_Goal of the exercise_: Find every line of the listing below where "centre" appears, and copy it.

+ + + + +

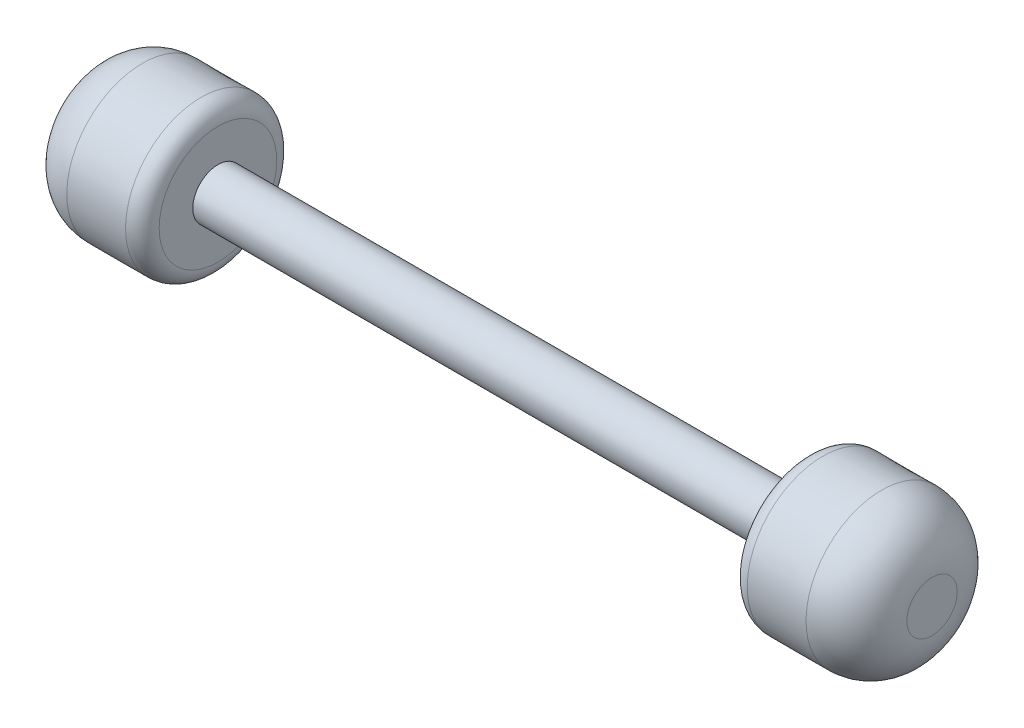
SolidWorks part; units mm, degrees
ref_plane "Front Plane" through (0, 0, 0) normal (0, 0, 1) x (1, 0, 0)
ref_plane "Top Plane" through (0, 0, 0) normal (0, 1, 0) x (1, 0, 0)
ref_plane "Right Plane" through (0, 0, 0) normal (1, 0, 0) x (0, 0, -1)
sketch "Sketch1" plane through (0, 0, 0) normal (0, 0, 1) x (1, 0, 0)
  line L1 (-35, -1.5) -> (35, -1.5)
  line L2 (-35, -1.5) -> (-35, 1.5)
  line L3 (-35, 1.5) -> (35, 1.5)
  line L4 (35, -1.5) -> (35, 1.5)
  line L5 (-35, -1.5) -> (35, 1.5) construction
  line L6 (-35, 1.5) -> (35, -1.5) construction
  point P0 (0, 0)
  dimension "D1" = 70
  dimension "D2" = 3
revolve "Revolve1" add sketch "Sketch1" angle 360 about L3
sketch "Sketch2" plane through (0, 0, 0) normal (0, 0, 1) x (1, 0, 0)
  line L1 (-37, -7.5541) -> (-44, -7.5541)
  line L3 (-44, 10.4459) -> (-37, 10.4459)
  line L4 (-37, 10.4459) -> (-37, -7.5541)
  line L7 (-35, 8.4459) -> (-35, -5.5541)
  line L9 (-50, 4.4459) -> (-50, -1.5561)
  line L10 (-50, 1.4449) -> (-35, 1.4459) construction
  line L11 (-44, 10.4459) -> (-44, -7.5541)
  arc A0 (-35, -5.5541) -> (-37, -7.5541) centre (-37, -5.5541) cw
  arc A1 (-35, 8.4459) -> (-37, 10.4459) centre (-37, 8.4459) ccw
  arc A2 (-44, -7.5541) -> (-50, -1.5561) centre (-44, -1.5541) cw
  arc A3 (-44, 10.4459) -> (-50, 4.4459) centre (-44, 4.4459) ccw
  dimension "D2" = 2
  dimension "D4" = 6
  dimension "D5" = 6
  dimension "D1" = 18
  dimension "D3" = 7
revolve "Revolve2" add sketch "Sketch2" angle 360 about L10
ref_plane "Plane1" through (0, 0, 0) normal (1, 0, 0) x (0, 0, -1)
mirror "Mirror1" about plane through (0, 0, 0) normal (1, 0, 0) of "Revolve2"

+ + + + +

_Task solution_:
  arc A0 (-35, -5.5541) -> (-37, -7.5541) centre (-37, -5.5541) cw
  arc A1 (-35, 8.4459) -> (-37, 10.4459) centre (-37, 8.4459) ccw
  arc A2 (-44, -7.5541) -> (-50, -1.5561) centre (-44, -1.5541) cw
  arc A3 (-44, 10.4459) -> (-50, 4.4459) centre (-44, 4.4459) ccw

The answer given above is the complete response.